= Matochkin Strait =

Strait between the Severny and Yuzhny Islands of Novaya Zemlya

Map of the Novaya Zemlya with Matochkin Strait

Matochkin Strait or Matochkin Shar (Ма́точкин Шар) is a narrow waterway separating Severny and Yuzhny Island on Russia's Novaya Zemlya archipelago. It links the Barents Sea on the west to the Kara Sea on the east in the Arctic Circle. It is under ice cover for most of the year and is navigable only for a short time. It is located in a region of strategic importance, and the surrounding region was a major nuclear test site during the Cold War.

== Geography ==
Matochkin is a narrow strait separating Severny and Yuzhny islands on Russia's Novaya Zemlya archipelago. Located north of the Russian mainland, in the northeastern Europe, it links the Barents Sea on the west to the Kara Sea on the east in the Arctic Circle. It is one of the largest sounds in the world. It is part of Russia's exclusive economic zone in the Arctic.
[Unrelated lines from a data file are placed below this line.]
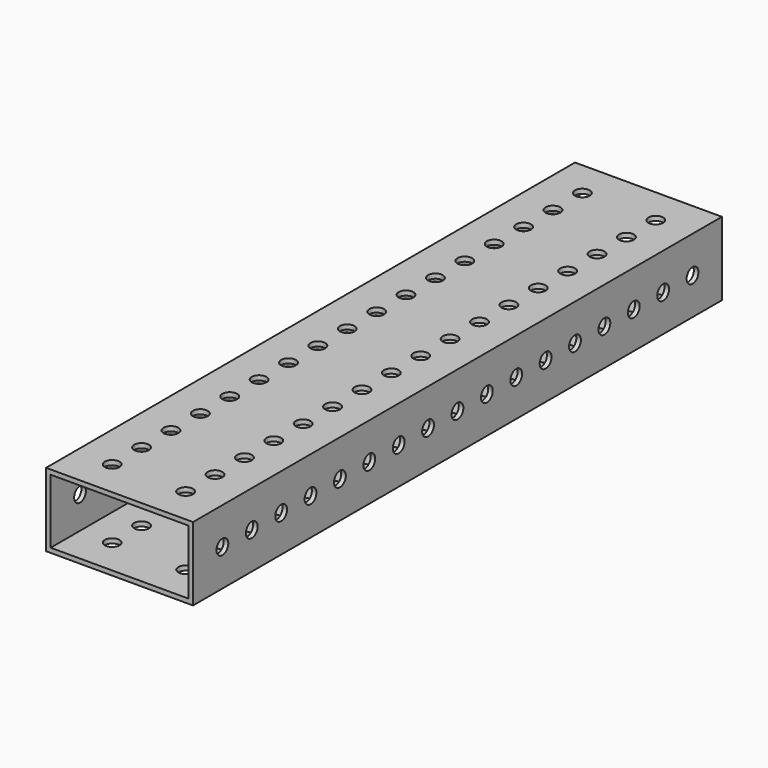
from build123d import *

# Parameters (mm, degrees)
F0_W     = 50.8
F0_H     = 25.4
F0_W_2   = 47.625
F0_H_2   = 22.225
F1_DEPTH = 228.6
F2_R     = 2.5527
F3_DEPTH = 279.4
F4_R     = 2.5527
F5_DEPTH = 25.4


# Not quite as in the source:
# - a feature names something its author has since deleted; it is built from what else it names


with BuildPart() as f1:
    # F0 (on Front) → F1 (new body)
    with BuildSketch(Plane.XZ):
        Rectangle(F0_W, F0_H)
        Rectangle(F0_W_2, F0_H_2, mode=Mode.SUBTRACT)
    extrude(amount=F1_DEPTH)

    # F2 (on face) → F3 (cut)
    with BuildSketch(Plane(origin=(-25.4, 0, 0), x_dir=(0, -1, 0), z_dir=(-1, 0, 0))):
        with Locations((12.7, 0)):
            Circle(F2_R)
        with Locations((25.4, 0)):
            Circle(F2_R)
        with Locations((38.1, 0)):
            Circle(F2_R)
        with Locations((50.8, 0)):
            Circle(F2_R)
        with Locations((63.5, 0)):
            Circle(F2_R)
        with Locations((88.9, 0)):
            Circle(F2_R)
        with Locations((101.6, 0)):
            Circle(F2_R)
        with Locations((76.2, 0)):
            Circle(F2_R)
        with Locations((114.3, 0)):
            Circle(F2_R)
        with Locations((127, 0)):
            Circle(F2_R)
        with Locations((139.7, 0)):
            Circle(F2_R)
        with Locations((152.4, 0)):
            Circle(F2_R)
        with Locations((165.1, 0)):
            Circle(F2_R)
        with Locations((177.8, 0)):
            Circle(F2_R)
        with Locations((190.5, 0)):
            Circle(F2_R)
        with Locations((203.2, 0)):
            Circle(F2_R)
        with Locations((215.9, 0)):
            Circle(F2_R)
    extrude(amount=-F3_DEPTH, mode=Mode.SUBTRACT)

    # F4 (on face) → F5 (cut)
    with BuildSketch(Plane(origin=(0, 0, -12.7), x_dir=(1, 0, 0), z_dir=(0, 0, -1))):
        with Locations((12.7, 25.4)):
            Circle(F4_R)
        with Locations((-12.7, 25.4)):
            Circle(F4_R)
        with Locations((-12.7, 127)):
            Circle(F4_R)
        with Locations((-12.7, 101.6)):
            Circle(F4_R)
        with Locations((12.7, 152.4)):
            Circle(F4_R)
        with Locations((-12.7, 177.8)):
            Circle(F4_R)
        with Locations((12.7, 63.5)):
            Circle(F4_R)
        with Locations((12.7, 190.5)):
            Circle(F4_R)
        with Locations((12.7, 101.6)):
            Circle(F4_R)
        with Locations((-12.7, 76.2)):
            Circle(F4_R)
        with Locations((-12.7, 139.7)):
            Circle(F4_R)
        with Locations((12.7, 12.7)):
            Circle(F4_R)
        with Locations((12.7, 76.2)):
            Circle(F4_R)
        with Locations((12.7, 50.8)):
            Circle(F4_R)
        with Locations((12.7, 88.9)):
            Circle(F4_R)
        with Locations((12.7, 139.7)):
            Circle(F4_R)
        with Locations((12.7, 177.8)):
            Circle(F4_R)
        with Locations((12.7, 165.1)):
            Circle(F4_R)
        with Locations((-12.7, 190.5)):
            Circle(F4_R)
        with Locations((12.7, 38.1)):
            Circle(F4_R)
        with Locations((-12.7, 38.1)):
            Circle(F4_R)
        with Locations((12.7, 203.2)):
            Circle(F4_R)
        with Locations((-12.7, 63.5)):
            Circle(F4_R)
        with Locations((12.7, 127)):
            Circle(F4_R)
        with Locations((-12.7, 165.1)):
            Circle(F4_R)
        with Locations((-12.7, 88.9)):
            Circle(F4_R)
        with Locations((12.7, 114.3)):
            Circle(F4_R)
        with Locations((-12.7, 114.3)):
            Circle(F4_R)
        with Locations((-12.7, 152.4)):
            Circle(F4_R)
        with Locations((-12.7, 203.2)):
            Circle(F4_R)
        with Locations((-12.7, 12.7)):
            Circle(F4_R)
        with Locations((-12.7, 50.8)):
            Circle(F4_R)
        with Locations((12.7, 215.9)):
            Circle(F4_R)
        with Locations((-12.7, 215.9)):
            Circle(F4_R)
    extrude(amount=-F5_DEPTH, mode=Mode.SUBTRACT)


solid = f1.part
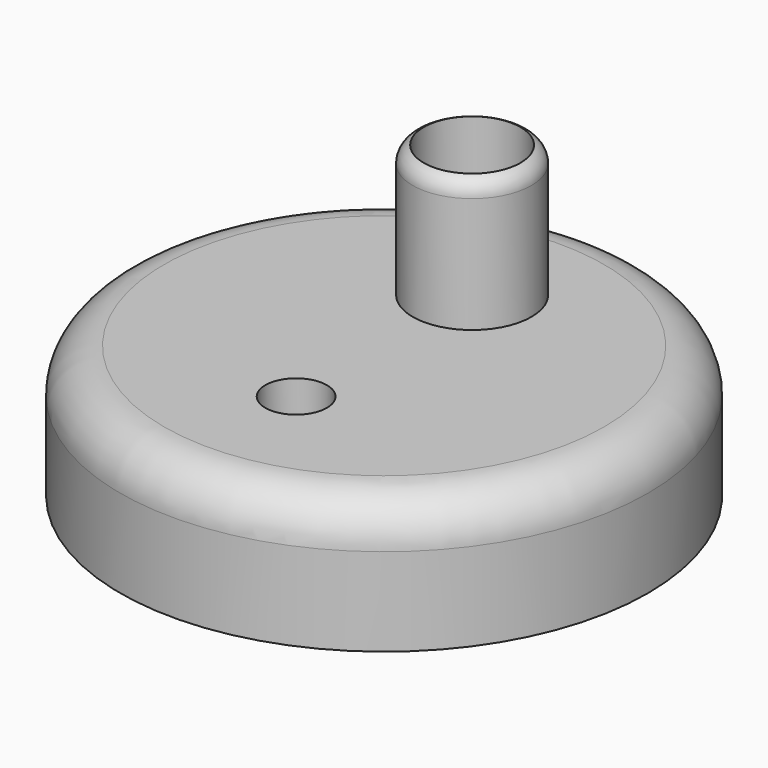
from build123d import *

# Parameters (mm, degrees)
F2_R     = 13.5
F2_R_2   = 11
F3_DEPTH = 30
F5_R     = 7
F6_DEPTH = 10


# Not quite as in the source:
# - a fillet or chamfer that OpenCascade refuses, or shapes differently, is made with other operations: its cross-section is extruded or revolved along the edge and cut away or added


with BuildPart() as f1:
    # F0 (on Front) → F1 (revolve)
    with BuildSketch(Plane.XZ):
        with BuildLine():
            Line((0, 30), (0, 0))
            Line((0, 0), (60, 0))
            Line((60, 0), (60, 20))
            ThreePointArc((60, 20), (57.0710678119, 27.0710678119), (50, 30))
            Line((50, 30), (0, 30))
        make_face()
    revolve(axis=Axis((0, 0, 15), (0, 0, 1)))

    # F2 (on face) → F3 (join)
    with BuildSketch(Plane.XY.offset(30)):
        with Locations((0, 25)):
            Circle(F2_R)
        with Locations((0, 25)):
            Circle(F2_R_2, mode=Mode.SUBTRACT)
    extrude(amount=F3_DEPTH)

    # F4: fillet of radius 4 on 1 edges, made by hand

    # F4_s1 → F4_t2 (revolve, cut)
    with BuildSketch(Plane.XZ.offset(-25)):
        with BuildLine():
            ThreePointArc((13.5, 56.2919007565), (12.8166247904, 58.527968734), (11, 60))
            Line((11, 60), (13.5, 60))
            Line((13.5, 60), (13.5, 56.2919007565))
        make_face()
    revolve(axis=Axis((0, 25, 60), (0, 0, 1)), mode=Mode.SUBTRACT)

    # F5 (on face) → F6 (cut)
    with BuildSketch(Plane.XY.offset(30)):
        with Locations((0, -25)):
            Circle(F5_R)
    extrude(amount=-F6_DEPTH, mode=Mode.SUBTRACT)


solid = f1.part
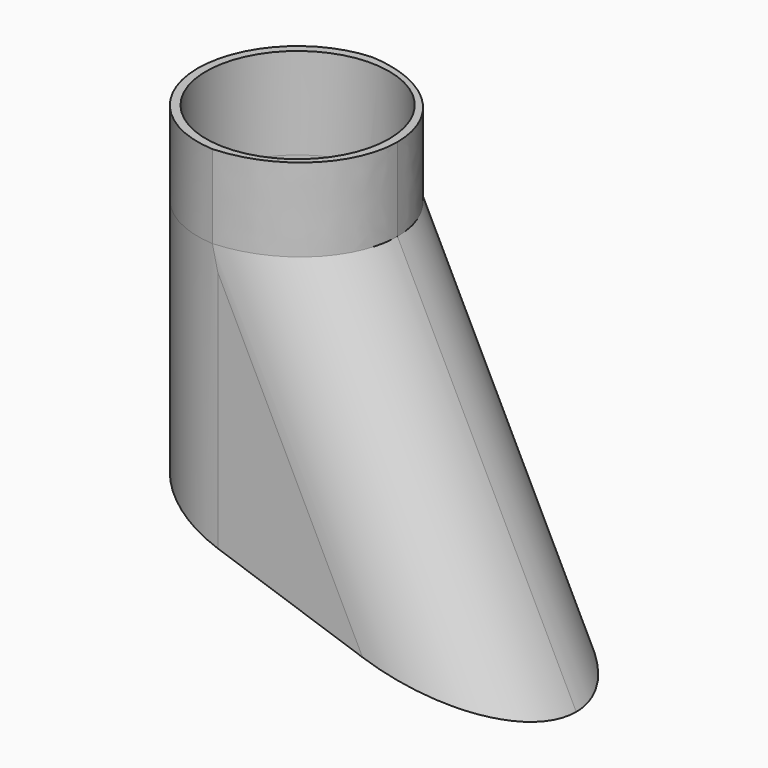
from build123d import *
from build123d import SkipClean  # not in build123d's __all__

# Parameters (mm, degrees)
F1_DEPTH    = 76.2
F2_T1_DEPTH = 279.4
F2_T3_DEPTH = 344.0535746512
F3_T        = -3.175
F5_DEPTH    = 31.75
F6_R        = 34.925
F7_DEPTH    = 38.1


# Not quite as in the source:
# - a fillet or chamfer that OpenCascade refuses, or shapes differently, is made with other operations: its cross-section is extruded or revolved along the edge and cut away or added


with BuildPart() as f1:
    # F0 (on Front) → F1 (new body)
    with BuildSketch(Plane.XZ):
        Polygon((144.4205327875, -48.6669262372), (76.2, 88.9), (0, 88.9), (0, 0), align=None)
    extrude(amount=-F1_DEPTH)

    # F2: fillet of radius 38.1 on 4 edges, made by hand

    # F2_s2 → F2_t1 (cut)
    with BuildSketch(Plane.XY.offset(-95.25)):
        with BuildLine():
            ThreePointArc((0, 38.1), (11.1592316368, 11.1592316368), (38.1, 0))
            Line((38.1, 0), (0, 0))
            Line((0, 0), (0, 38.1))
        make_face()
        with BuildLine():
            ThreePointArc((0, 38.1), (11.1592316368, 65.0407683632), (38.1, 76.2))
            Line((38.1, 76.2), (0, 76.2))
            Line((0, 76.2), (0, 38.1))
        make_face()
    extrude(amount=F2_T1_DEPTH, mode=Mode.SUBTRACT)

    # F2_s4 → F2_t3 (cut)
    with BuildSketch(Plane(origin=(90.1943185968, 0, -181.8771367864), x_dir=(0, 1, 0), z_dir=(-0.4442783761, 0, 0.8958887903))):
        with BuildLine():
            ThreePointArc((38.1, -107.7630734528), (65.0407683632, -96.603841816), (76.2, -69.6630734528))
            Line((76.2, -69.6630734528), (76.2, -107.7630734528))
            Line((76.2, -107.7630734528), (38.1, -107.7630734528))
        make_face()
        with BuildLine():
            ThreePointArc((38.1, -107.7630734528), (11.1592316368, -96.603841816), (0, -69.6630734528))
            Line((0, -69.6630734528), (0, -107.7630734528))
            Line((0, -107.7630734528), (38.1, -107.7630734528))
        make_face()
    extrude(amount=F2_T3_DEPTH, mode=Mode.SUBTRACT)

    # F3
    f3_openings = [f1.faces().sort_by_distance(p)[0] for p in [
        (71.049342, 38.1, -23.942254),
    ]]
    offset(amount=F3_T, openings=f3_openings)

    # F4 (on face) → F5 (join)
    with BuildSketch(Plane.XY.offset(88.9)):
        with BuildLine():
            add(Edge.make_bspline(
                [(36.0077691103, 0.0574899631), (76.1999999999, 2.0378158336), (76.2, 38.1)],
                knots=[4.7673308141, 4.7673308141, 4.7673308141, 6.2831853072, 6.2831853072, 6.2831853072], degree=2, weights=[1, 0.726262417, 1]))
            add(Edge.make_bspline(
                [(76.2, 38.1), (76.1999999999, 74.1621841664), (36.0077691103, 76.1425100369)],
                knots=[0, 0, 0, 1.5158544931, 1.5158544931, 1.5158544931], degree=2, weights=[1, 0.726262417, 1]))
            ThreePointArc((36.0077691103, 76.1425100369), (10.4294019138, 64.2906090336), (0, 38.1))
            ThreePointArc((0, 38.1), (10.4294019138, 11.9093909664), (36.0077691103, 0.0574899631))
        make_face()
    extrude(amount=F5_DEPTH)

    # F6 (on face) → F7 (cut)
    with BuildSketch(Plane.XY.offset(120.65)):
        with Locations((38.1, 38.1)):
            Circle(F6_R)
    with SkipClean():  # cleaning this boolean's faces spoils the solid; the shape is the same uncleaned
        extrude(amount=-F7_DEPTH, mode=Mode.SUBTRACT)


solid = f1.part

Surveys have documented diverse gastropod molluscs in the region. Studies also indicate the presence of various benthos community structures in the ecosystem. A 2021 study has indicated that the benthic communities continue to thrive in the region despite the fragility of the environment due to multiple nuclear tests.

== Navigation ==
The strait remains frozen for most of the year. Ice begins to form in late October, and it becomes completely frozen in mid-November. The western part of the strait begins to clear in May, once warm water from the west breaks the ice caps. It becomes clearer in June, while the eastern part becomes clear of ice in July. It is navigable from July to October, while the navigation is limited to midsize ships during the ice-free months. A 2024 report indicates the strait remains ice-bound seasonally restricting maritime transit in the region.

== History ==
The first-recorded navigation of this sound was done by the Dutch explorer Willem Barentsz in 1596. It is, however, believed that Pomor traders and hunters know of this region well before this Western explorer came to this area. However, the name of the sound came later, possibly in the 1700s, when a recorded local person endured hunting in the area.

The sound is located in a strategic region, and during the Cold War, the surrounding region became a major nuclear test site. Nearly 40 nuclear tests were conducted here from 1961 to 1990 including the Tsar Bomba, the largest-ever test conducted. While it was abandoned in the 1990s, the Russian government started to reactivate the test site in the 2000s to conduct subcritical hydronuclear experiments.